Pretend your coach is a big, orange inflated buoy. Practice sighting for your coach during a drill set. Lift your head forward, scan the horizon for the coach/buoy, turn your head to the side for a breath and then continue swimming. Do this no more than five times per lap (25 meters).

Breathing Technique

Normally, the face is in the water during front crawl. Breaths are taken through the mouth by turning the head to the side of a recovering arm at the beginning of the recovery, and breathing in the triangle between the upper arm, lower arm, and the waterline.

The swimmer's forward movement will cause a bow wave with a trough in the water surface near the ears. After turning the head, a breath can be taken in this trough without the need to move the mouth above the average water surface. The head is turned back at the end of the recovery and the face points down when the recovered hand enters the water. The swimmer breathes out under water through mouth and nose until the next breath. Breathing out through the nose avoids water entering the nose.

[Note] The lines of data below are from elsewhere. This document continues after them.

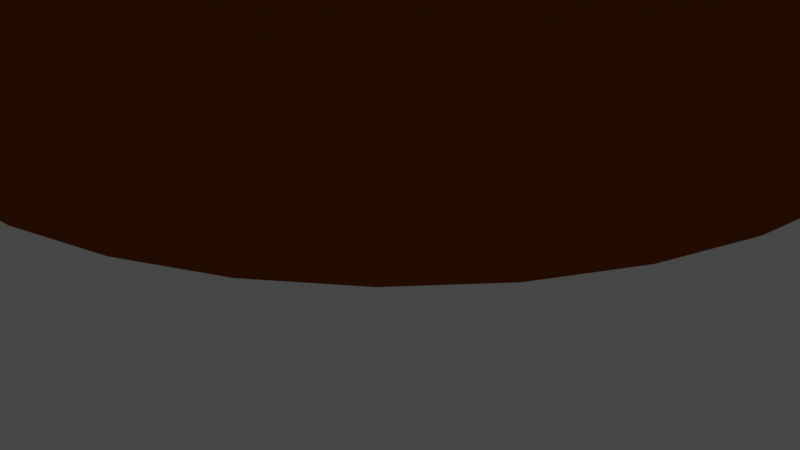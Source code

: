 # Source: afrikaanshuis.blend  (saved by Blender 4.1.23; exported with 4.5.12 LTS)
import bpy
from mathutils import Matrix  # noqa: F401  (used for matrix-valued properties, if any)

bpy.ops.wm.read_factory_settings(use_empty=True)
scene = bpy.context.scene
scene.name = 'Scene'

# ---- collections
col_collection = bpy.data.collections.new('Collection'); scene.collection.children.link(col_collection)

# ---- materials (node trees are filled in below, after node groups)
mat_material_003 = bpy.data.materials.new('Material.003')
mat_material_003.use_transparent_shadow = False
mat_material_003.diffuse_color = (0.2964, 0.06783, 0.004988, 1.0)
mat_material_004 = bpy.data.materials.new('Material.004')
mat_material_004.use_transparent_shadow = False
mat_material_004.diffuse_color = (212.0, 197.0, 156.0, 1.0)
mat_material_001 = bpy.data.materials.new('Material.001')
mat_material_001.use_transparent_shadow = False
mat_material_001.diffuse_color = (0.05448, 0.02122, 0.004391, 1.0)
mat_material_001.roughness = 1.0
mat_material_002 = bpy.data.materials.new('Material.002')
mat_material_002.use_transparent_shadow = False
mat_material_002.diffuse_color = (0.05448, 0.02122, 0.004391, 1.0)

# ---- material node trees

# ---- world
world_world = bpy.data.worlds.new('World'); scene.world = world_world
world_world.use_nodes = True; world_world.node_tree.nodes.clear()
_N = world_world.node_tree.nodes; _L = world_world.node_tree.links
n0 = _N.new('ShaderNodeOutputWorld'); n0.name = 'World Output'; n0.location = (300, 300)
n1 = _N.new('ShaderNodeBackground'); n1.name = 'Background'; n1.location = (10, 300)
n1.inputs[0].default_value = (0.05088, 0.05088, 0.05088, 1.0)
_L.new(n1.outputs[0], n0.inputs[0])
n0.is_active_output = True
world_world.color = (0.05088, 0.05088, 0.05088)
world_world.use_sun_shadow = False
world_world.sun_shadow_jitter_overblur = 0.0

# ---- cameras
cam_camera = bpy.data.cameras.new('Camera')
cam_camera.clip_end = 100.0
cam_camera.ortho_scale = 7.314

# ---- lights
light_light = bpy.data.lights.new('Light', 'POINT')
light_light.transmission_factor = 0.0
light_light.energy = 1000.0
light_light.shadow_soft_size = 0.1
light_light.shadow_maximum_resolution = 0.006
light_light.use_absolute_resolution = True
light_sun = bpy.data.lights.new('Sun', 'SUN')
light_sun.color = (1.0, 0.836, 0.5976)
light_sun.transmission_factor = 0.0
light_sun.angle = 0.0
light_sun.energy = 8.7

# ---- meshes
me_cylinder = bpy.data.meshes.new('Cylinder')
me_cylinder.from_pydata([(1.787e-09, 0.7957, -1.0), (0.1552, 0.7804, -1.0), (0.3045, 0.7351, -1.0), (0.4421, 0.6616, -1.0), (0.5626, 0.5626, -1.0), (0.6616, 0.4421, -1.0), (0.7351, 0.3045, -1.0), (0.7804, 0.1552, -1.0), (0.7957, 0.0, -1.0), (0.7804, -0.1552, -1.0), (0.7351, -0.3045, -1.0), (0.6616, -0.4421, -1.0), (0.5626, -0.5626, -1.0), (0.4421, -0.6616, -1.0), (0.3045, -0.7351, -1.0), (0.1552, -0.7804, -1.0), (1.787e-09, -0.7957, -1.0), (-0.1552, -0.7804, -1.0), (-0.3045, -0.7351, -1.0), (-0.4421, -0.6616, -1.0), (-0.5626, -0.5626, -1.0), (-0.6616, -0.4421, -1.0), (-0.7351, -0.3045, -1.0), (-0.7804, -0.1552, -1.0), (-0.7957, 0.0, -1.0), (-0.7804, 0.1552, -1.0), (-0.7351, 0.3045, -1.0), (-0.6616, 0.4421, -1.0), (-0.5626, 0.5626, -1.0), (-0.4421, 0.6616, -1.0), (-0.3045, 0.7351, -1.0), (-0.1552, 0.7804, -1.0), (0.0, 1.0, -0.04692), (-0.3827, 0.9239, 0.02285), (-0.1951, 0.9808, 0.1205), (-0.2708, 0.9578, 0.0981), (-0.3204, 0.9428, 0.05714), (-0.05051, 0.995, 0.0315), (-0.09068, 0.9911, 0.07017), (0.1951, 0.9808, 0.4684), (0.3827, 0.9239, 0.4684), (0.5556, 0.8315, 0.4684), (0.7071, 0.7071, 0.4684), (0.8315, 0.5556, 0.4684), (0.9239, 0.3827, 0.4684), (0.9808, 0.1951, 0.4684), (1.0, 0.0, 0.4684), (0.9808, -0.1951, 0.4684), (0.9239, -0.3827, 0.4684), (0.8315, -0.5556, 0.4684), (0.7071, -0.7071, 0.4684), (0.5556, -0.8315, 0.4684), (0.3827, -0.9239, 0.4684), (0.1951, -0.9808, 0.4684), (0.0, -1.0, 0.4684), (-0.1951, -0.9808, 0.4684), (-0.3827, -0.9239, 0.4684), (-0.5556, -0.8315, 0.4684), (-0.7071, -0.7071, 0.4684), (-0.8315, -0.5556, 0.4684), (-0.9239, -0.3827, 0.4684), (-0.9808, -0.1951, 0.4684), (-1.0, 0.0, 0.4684), (-0.9808, 0.1951, 0.4684), (-0.9239, 0.3827, 0.4684), (-0.8315, 0.5556, 0.4684), (-0.7071, 0.7071, 0.4684), (-0.5556, 0.8315, 0.4684), (0.0, 1.0, 0.4726), (-0.1951, 0.9808, 0.474), (-0.3827, 0.9239, 0.4726)], [], [(0, 32, 68, 39, 1), (29, 67, 70, 33, 30), (0, 1, 2, 3, 4, 5, 6, 7, 8, 9, 10, 11, 12, 13, 14, 15, 16, 17, 18, 19, 20, 21, 22, 23, 24, 25, 26, 27, 28, 29, 30, 31), (34, 35, 36, 33, 70, 69), (32, 37, 38, 34, 69, 68), (28, 66, 67, 29), (27, 65, 66, 28), (26, 64, 65, 27), (25, 63, 64, 26), (24, 62, 63, 25), (23, 61, 62, 24), (22, 60, 61, 23), (21, 59, 60, 22), (20, 58, 59, 21), (19, 57, 58, 20), (18, 56, 57, 19), (17, 55, 56, 18), (16, 54, 55, 17), (15, 53, 54, 16), (14, 52, 53, 15), (13, 51, 52, 14), (12, 50, 51, 13), (11, 49, 50, 12), (10, 48, 49, 11), (9, 47, 48, 10), (8, 46, 47, 9), (7, 45, 46, 8), (6, 44, 45, 7), (5, 43, 44, 6), (4, 42, 43, 5), (3, 41, 42, 4), (2, 40, 41, 3), (1, 39, 40, 2)])
_uv = me_cylinder.uv_layers.new(name='UVMap')
_uv.uv.foreach_set('vector', [1.0, 0.5, 1.0, 0.7383, 1.0, 0.8681, 0.9688, 0.8671, 0.9688, 0.5, 0.09375, 0.5, 0.09375, 0.8671, 0.0625, 0.8681, 0.0625, 0.7557, 0.0625, 0.5, 0.75, 0.49, 0.7968, 0.4854, 0.8418, 0.4717, 0.8833, 0.4496, 0.9197, 0.4197, 0.9496, 0.3833, 0.9717, 0.3418, 0.9854, 0.2968, 0.99, 0.25, 0.9854, 0.2032, 0.9717, 0.1582, 0.9496, 0.1167, 0.9197, 0.08029, 0.8833, 0.05045, 0.8418, 0.02827, 0.7968, 0.01461, 0.75, 0.01, 0.7032, 0.01461, 0.6582, 0.02827, 0.6167, 0.05045, 0.5803, 0.08029, 0.5504, 0.1167, 0.5283, 0.1582, 0.5146, 0.2032, 0.51, 0.25, 0.5146, 0.2968, 0.5283, 0.3418, 0.5504, 0.3833, 0.5803, 0.4197, 0.6167, 0.4496, 0.6582, 0.4717, 0.7032, 0.4854, 0.03125, 0.7801, 0.04386, 0.7745, 0.05212, 0.7643, 0.0625, 0.7557, 0.0625, 0.8681, 0.03125, 0.8685, 0.0, 0.7383, 0.00809, 0.7579, 0.01453, 0.7675, 0.03125, 0.7801, 0.03125, 0.8685, 0.0, 0.8681, 0.125, 0.5, 0.125, 0.8671, 0.09375, 0.8671, 0.09375, 0.5, 0.1562, 0.5, 0.1562, 0.8671, 0.125, 0.8671, 0.125, 0.5, 0.1875, 0.5, 0.1875, 0.8671, 0.1562, 0.8671, 0.1562, 0.5, 0.2188, 0.5, 0.2188, 0.8671, 0.1875, 0.8671, 0.1875, 0.5, 0.25, 0.5, 0.25, 0.8671, 0.2188, 0.8671, 0.2188, 0.5, 0.2812, 0.5, 0.2812, 0.8671, 0.25, 0.8671, 0.25, 0.5, 0.3125, 0.5, 0.3125, 0.8671, 0.2812, 0.8671, 0.2812, 0.5, 0.3438, 0.5, 0.3438, 0.8671, 0.3125, 0.8671, 0.3125, 0.5, 0.375, 0.5, 0.375, 0.8671, 0.3438, 0.8671, 0.3438, 0.5, 0.4062, 0.5, 0.4062, 0.8671, 0.375, 0.8671, 0.375, 0.5, 0.4375, 0.5, 0.4375, 0.8671, 0.4062, 0.8671, 0.4062, 0.5, 0.4688, 0.5, 0.4688, 0.8671, 0.4375, 0.8671, 0.4375, 0.5, 0.5, 0.5, 0.5, 0.8671, 0.4688, 0.8671, 0.4688, 0.5, 0.5312, 0.5, 0.5312, 0.8671, 0.5, 0.8671, 0.5, 0.5, 0.5625, 0.5, 0.5625, 0.8671, 0.5312, 0.8671, 0.5312, 0.5, 0.5938, 0.5, 0.5938, 0.8671, 0.5625, 0.8671, 0.5625, 0.5, 0.625, 0.5, 0.625, 0.8671, 0.5938, 0.8671, 0.5938, 0.5, 0.6562, 0.5, 0.6562, 0.8671, 0.625, 0.8671, 0.625, 0.5, 0.6875, 0.5, 0.6875, 0.8671, 0.6562, 0.8671, 0.6562, 0.5, 0.7188, 0.5, 0.7188, 0.8671, 0.6875, 0.8671, 0.6875, 0.5, 0.75, 0.5, 0.75, 0.8671, 0.7188, 0.8671, 0.7188, 0.5, 0.7812, 0.5, 0.7812, 0.8671, 0.75, 0.8671, 0.75, 0.5, 0.8125, 0.5, 0.8125, 0.8671, 0.7812, 0.8671, 0.7812, 0.5, 0.8438, 0.5, 0.8438, 0.8671, 0.8125, 0.8671, 0.8125, 0.5, 0.875, 0.5, 0.875, 0.8671, 0.8438, 0.8671, 0.8438, 0.5, 0.9062, 0.5, 0.9062, 0.8671, 0.875, 0.8671, 0.875, 0.5, 0.9375, 0.5, 0.9375, 0.8671, 0.9062, 0.8671, 0.9062, 0.5, 0.9688, 0.5, 0.9688, 0.8671, 0.9375, 0.8671, 0.9375, 0.5])
me_cylinder.materials.append(mat_material_003)
me_cylinder.materials.append(mat_material_004)
me_cylinder.materials.append(mat_material_004)
me_cylinder.update()
me_cone_001 = bpy.data.meshes.new('Cone.001')
me_cone_001.from_pydata([(0.0, 1.0, -1.0), (0.1951, 0.9808, -1.0), (0.3827, 0.9239, -1.0), (0.5556, 0.8315, -1.0), (0.7071, 0.7071, -1.0), (0.8315, 0.5556, -1.0), (0.9239, 0.3827, -1.0), (0.9808, 0.1951, -1.0), (1.0, 0.0, -1.0), (0.9808, -0.1951, -1.0), (0.9239, -0.3827, -1.0), (0.8315, -0.5556, -1.0), (0.7071, -0.7071, -1.0), (0.5556, -0.8315, -1.0), (0.3827, -0.9239, -1.0), (0.1951, -0.9808, -1.0), (0.0, -1.0, -1.0), (-0.1951, -0.9808, -1.0), (-0.3827, -0.9239, -1.0), (-0.5556, -0.8315, -1.0), (-0.7071, -0.7071, -1.0), (-0.8315, -0.5556, -1.0), (-0.9239, -0.3827, -1.0), (-0.9808, -0.1951, -1.0), (-1.0, 0.0, -1.0), (-0.9808, 0.1951, -1.0), (-0.9239, 0.3827, -1.0), (-0.8315, 0.5556, -1.0), (-0.7071, 0.7071, -1.0), (-0.5556, 0.8315, -1.0), (-0.3827, 0.9239, -1.0), (-0.1951, 0.9808, -1.0), (0.0, 0.0, 1.0)], [], [(0, 32, 1), (1, 32, 2), (2, 32, 3), (3, 32, 4), (4, 32, 5), (5, 32, 6), (6, 32, 7), (7, 32, 8), (8, 32, 9), (9, 32, 10), (10, 32, 11), (11, 32, 12), (12, 32, 13), (13, 32, 14), (14, 32, 15), (15, 32, 16), (16, 32, 17), (17, 32, 18), (18, 32, 19), (19, 32, 20), (20, 32, 21), (21, 32, 22), (22, 32, 23), (23, 32, 24), (24, 32, 25), (25, 32, 26), (26, 32, 27), (27, 32, 28), (28, 32, 29), (29, 32, 30), (0, 1, 2, 3, 4, 5, 6, 7, 8, 9, 10, 11, 12, 13, 14, 15, 16, 17, 18, 19, 20, 21, 22, 23, 24, 25, 26, 27, 28, 29, 30, 31), (30, 32, 31), (31, 32, 0)])
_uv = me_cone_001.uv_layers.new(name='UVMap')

Some swimmers take a breath every cycle, with every second arm recovery, breathing always to the same side. Others alternate the sides. Since breathing slightly reduces the speed, most competition swimmers breathe every 1.5 cycles. Lifesavers sprinting the last few meters to a casualty may breathe even less.

Freestyle Breathing

Breathing is a key factor in swimming freestyle. To improve the breathing technique and make it as efficient and natural as possible, you can train in varying the rhythm of your breathing pattern during freestyle. During your regular training and your special drills session try to do breathing, every 3, 5 and 7 arm strokes.

For example, you do 500 m freestyle; do the first 50 breathing every 3 strokes, the second 50 every 5, and the third one every 7, and then go back to 5 and 3. Repeat until you finish. This kind of drill will teach your body to swim with less oxygen improving your aerobic conditioning, but also to keep your breathing technique clean even when you really need to breathe, like in a competition.

Bilateral Breathing

This is a useful skill for open water swimming as well as pool training. It simply means to be able to breathe on either side. When you swim in open water with waves you can breathe away from the waves. If you switch sides often you can keep an eye out for where you go and what happens around you. In open water many pool swimmers who are used to lines on the bottom, tend to go around in circles if they don't look out.

This skill is helpful for pool swimmers as they can adjust their breathing to their speed, instead of breathing every cycle or two, they can breathe in between or whenever they need to. Practise this until you get really good at it.

Hypoxic Breathing

The importance of lung capacity is often overlooked. Open water can seem much less intimidating if you can hold your breath for a long period of time or you are comfortable not taking in air every three strokes. Situations like cold-water shock, chop and splash, or a dunking are very common during an event.

Working on a hypoxic breathing-pattern set, or gradually increasing the number of strokes you take between breaths, is a great way to prepare for some of these situations. An example is a 5x100m set in which you breathe every three strokes the first lap, every five strokes on the second, every seven strokes on the third and every nine strokes (or not at all) on the last lap.